* **YOUR ASSIGNMENT**:
Across the records below, count every line that contains the string "jalr", then report the count alone.

Records from a dataset
-------

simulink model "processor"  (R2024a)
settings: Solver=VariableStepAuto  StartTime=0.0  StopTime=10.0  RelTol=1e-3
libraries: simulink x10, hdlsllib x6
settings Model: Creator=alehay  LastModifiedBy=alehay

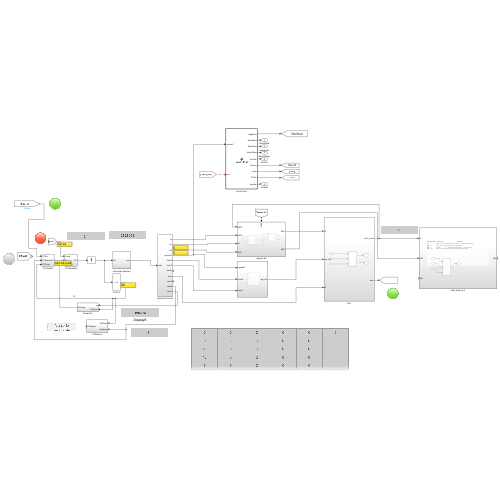
[thumbnail: Simulink's stored preview of the top-level diagram]
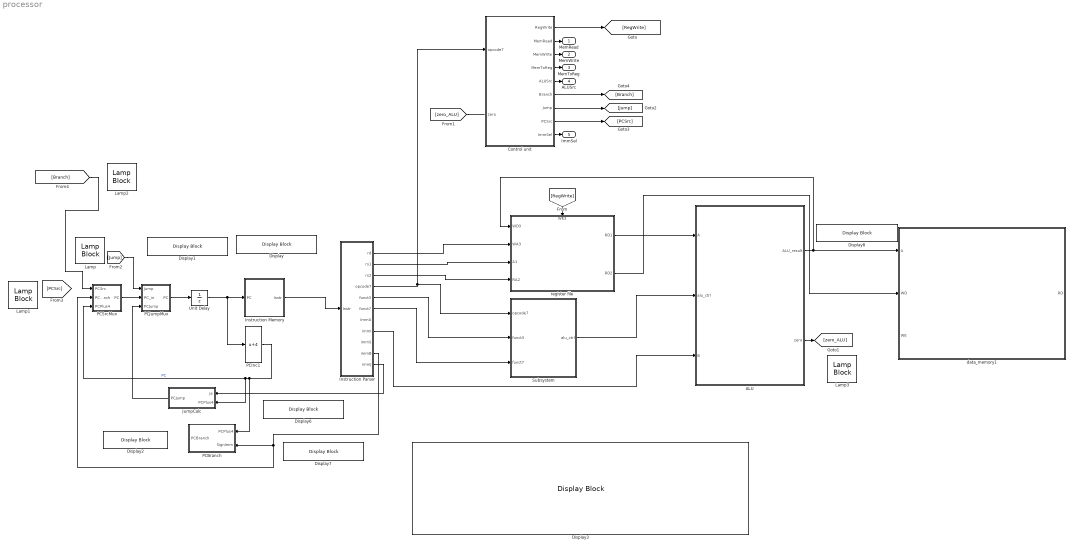
== system processor ==
  ALU : Subsystem
  Control unit : MATLAB Function  TreatAsAtomicUnit=on
  Display : DisplayBlock  LabelPosition=Hide  Format=Custom  Transparency=1  FormatString=%X
  Display{1,6..8} (4 alike) : DisplayBlock  LabelPosition=Hide  Transparency=1
  Display2 : DisplayBlock  LabelPosition=Hide  Format=long  Transparency=1
  Display3 : DisplayBlock  LabelPosition=Hide  Format=long  Transparency=1
  Instruction Memory : Subsystem
  Instruction Parser : Subsystem
  JumpCalc : Subsystem
  Lamp{,1..3} (4 alike) : LampBlock  LabelPosition=Hide
  PCBranch : Subsystem
  PCInc1 : Bias  Bias=4  SaturateOnIntegerOverflow=off
  PCJumpMux : Subsystem
  PCSrcMux : Subsystem
  Subsystem : Subsystem
  Unit Delay : UnitDelay  SampleTime=0.1  HasFrameUpgradeWarning=on
  data_memory1 : Subsystem
  register file : Subsystem
      settings: PortSchema="{\"entries\":[{\"content\":{\"sides\":[{\"content\":{\"connectorIds\":[\"In1\",\"In2\",\"In3\",\"In4\"]},\"type\":\"ConnectorPlacement.EquallySpacedRectSide\",\"uuid\":\"2ce0f731-262a-4c53-91f0-cda99c1614e4\"},{\"content\":{\"connectorIds\":[\"Out1\",\"Out2\"],\"side\":\"RIGHT\"},\"type\":\"ConnectorPlacement.EquallySpacedRectSide\",\"uuid\":\"7b2b7fe1-676c-4333-9af8-1b5ede950b35\"},{\"content\":{\"connectorIds\":[\"In5\"],\"side\":\"TOP\"},\"type\":\"ConnectorPlacement.EquallySpacedRectSide\",\"uuid\":\"79cd4f04-c8ad-45c4-b16c-19b290692dc4\"}]},\"type\":\"ConnectorPlacement.EquallySpacedConnector\",\"uuid\":\"48f070a2-9602-434c-b37d-35cc322e3ca0\"}],\"packageUris\":[\"http://schema.mathworks.com/mf0/Connector/R2020b\"],\"version\":\"1.0\"}"
  MemRead : Outport
  MemWrite : Outport  Port=2
  MemToReg : Outport  Port=3
  ALUSrc : Outport  Port=4
  ImmSel : Outport  Port=5
  wires:
  Control unit/5(ALUSrc) -> ALUSrc/1
  Instruction Parser/2(rs1) -> register file/3(A1)
  Control unit/9(ImmSel) -> ImmSel/1
  Control unit/3(MemWrite) -> MemWrite/1
  ALU/2(zero) -> [zero_ALU]
  Instruction Memory/1(Instr) -> Instruction Parser/1(Instr)
  Control unit/7(Jump) -> [Jump]
  register file/1(RD1) -> ALU/1(A)
  JumpCalc/1(PCJump) -> PCJumpMux/3(PCJump)
  register file/2(RD2) -> data_memory1/2(WD)
  Control unit/4(MemToReg) -> MemToReg/1
  Control unit/2(MemRead) -> MemRead/1
  Instruction Parser/6(funct7) -> Subsystem/3(funct7)
  Instruction Parser/4(opcode7) -> Control unit/1(opcode7), Subsystem/1(opcode7)
  [RegWrite] -> register file/5(WE3)
  Instruction Parser/5(funct3) -> Subsystem/2(funct3)
  PCInc1/1 -> PCSrcMux/3(PCPlus4), JumpCalc/2(PCPlus4), PCBranch/1(PCPlus4)  "PC"
  [zero_ALU] -> ?
  Control unit/1(RegWrite) -> [RegWrite]
  Instruction Parser/10(immB) -> PCSrcMux/2(PCBranch), PCBranch/2(SignImm)
  Instruction Parser/11(immJ) -> JumpCalc/1(ja)
  PCSrcMux/1(PC) -> PCJumpMux/2(PC_in)
  Control unit/8(PCSrc) -> [PCSrc]
  Unit Delay/1 -> Instruction Memory/1(PC), PCInc1/1
  Instruction Parser/3(rs2) -> register file/4(RA2)
  Control unit/6(Branch) -> [Branch]
  Instruction Parser/8(immI) -> ALU/3(B)
  Subsystem/1(alu_ctrl) -> ALU/2(alu_ctrl)
  [Jump] -> PCJumpMux/1(Jump)
  Instruction Parser/1(rd) -> register file/2(WA3)
  PCJumpMux/1(PC) -> Unit Delay/1
  ALU/1(ALU_result) -> data_memory1/1(A), register file/1(WD3)
  [Branch] -> PCSrcMux/1(PCSrc)

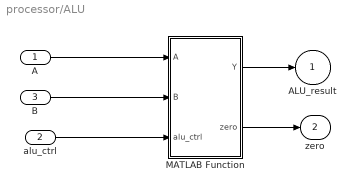
== system processor/ALU ==
  A : Inport
  alu_ctrl : Inport  Port=2
  B : Inport  Port=3
  MATLAB Function : MATLAB Function  TreatAsAtomicUnit=on
  ALU_result : Outport
  zero : Outport  Port=2
  wires:
  A/1 -> MATLAB Function/1(A)
  B/1 -> MATLAB Function/2(B)
  alu_ctrl/1 -> MATLAB Function/3(alu_ctrl)
  MATLAB Function/1(Y) -> ALU_result/1
  MATLAB Function/2(zero) -> zero/1

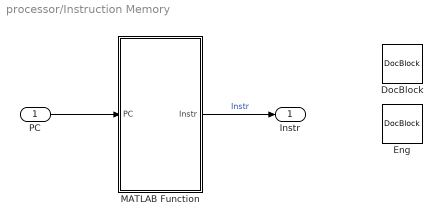
== system processor/Instruction Memory ==
  PC : Inport
  DocBlock : simulink/Model-Wide Utilities/DocBlock  DocumentType=Text
      content=|
      | Память команд имеет один порт чтения. На адресный вход A подается
      | 32-битный адрес команды, после чего на выходе RD появляется
      | 32-битное число (т.е. команда), прочитанное из памяти по этому адресу.
  Eng : simulink/Model-Wide Utilities/DocBlock  DocumentType=Text
      content=|
      | The instruction memory has a single read port.1 It takes a 32-bit
      | instruction address input, A, and reads the 32-bit data (i.e., instruction)
      | from that address onto the read data output, RD.
  MATLAB Function : MATLAB Function  TreatAsAtomicUnit=on
  Instr : Outport  OutDataTypeStr=fixdt(0,32,0)
  wires:
  PC/1 -> MATLAB Function/1(PC)
  MATLAB Function/1(Instr) -> Instr/1  "Instr"

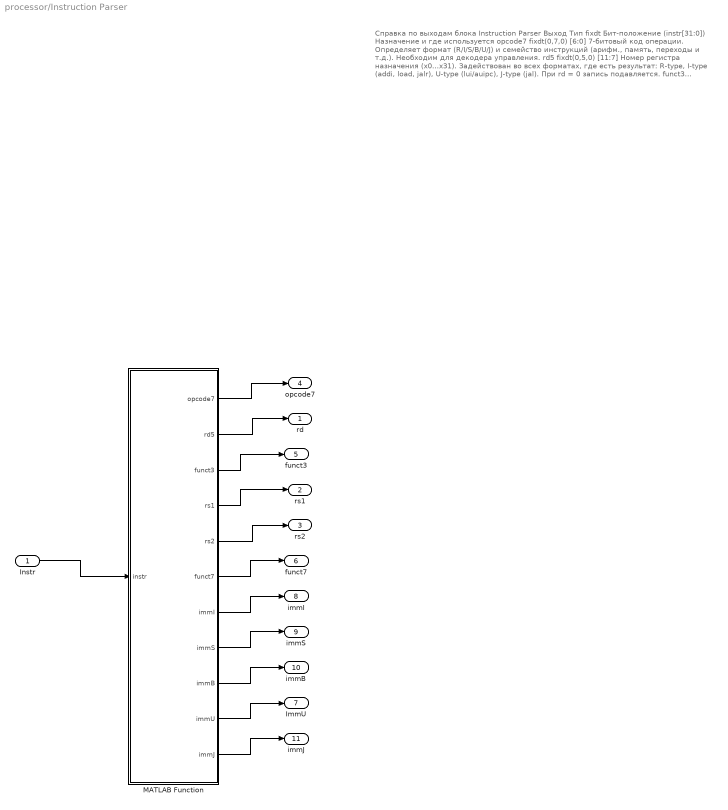
== system processor/Instruction Parser ==
  note: Справка по выходам блока Instruction Parser
      |
      | Выход
      | Тип fixdt
      | Бит-положение (instr[31:0])
      | Назначение и где используется
      |
      | opcode7
      | fixdt(0,7,0)
      | [6:0]
      | 7-битовый код операции. Определяет формат (R/I/S/B/U/J) и семейство инструкций (арифм., память, переходы и т.д.). Необходим для декодера управления.
      |
      | rd5
      | fixdt(0,5,0)
      | [11:7]
      | Номер регистра назначения (x0…x31). Задействован во всех форматах, где есть результат: R-type, I-type (addi, load, jalr), U-type (lui/auipc), J-type (jal). При rd = 0 запись подавляется.
      |
      | funct3
      | fixdt(0,3,0)
      | [14:12]
      | 3-битовое поле доп. кодировки операции. Совместно с opcode7 и/или funct7 окончательно выбирает инструкцию (например, add/sub, beq/bne/blt…).
      |
      | rs1
      | fixdt(0,5,0)
      | [19:15]
      | Номер первого исходного регистра. Используется во всех форматах, кроме U-type.
      |
      | rs2
      | fixdt(0,5,0)
      | [24:20]
      | Номер второго исходного регистра. Присутствует в R-type, S-type (store) и B-type (branch).
      |
      | funct7
      | fixdt(0,7,0)
      | [31:25]
      | 7-битовое поле расширенной функции. Отличает пары вроде add/sub, srl/sra, mul/div и др. Содержит 0x00, 0x20, 0x01 в базовом RV32IM.
      |
      | immI
      | fixdt(1,32,0)
      | sign-ext из [31:20]
      | 12-битное знаковое immed. для I-type (addi, lw, jalr, csrs …). Представляет диапазон −2048…+2047.
      |
      | immS
      | fixdt(1,32,0)
      | sign-ext из [31:25]+[11:7]
      | 12-битное знаковое immed. для S-type (store инструкции sw, sh, sb). Разделён на две части в коде.
      |
      | immB
      | fixdt(1,32,0)
      | sign-ext из [31], [7], [30:25], [11:8] затем <<1
      | 13-битное знаковое смещение для ветвлений B-type (beq, blt…). Младший бит всегда 0 — адрес выровнен по 2 байта. Диапазон ±4 кБ.
      |
      | immU
      | fixdt(1,32,0)
      | sign-ext из [31:12] затем <<12
      | 20-битное верхнее immediate для U-type (lui, auipc). Занимает старшие 20 бит результирующего слова, младшие 12 бит — нули.
      |
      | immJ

-------

* **RESPONSE FOR THIS EXERCISE**:
2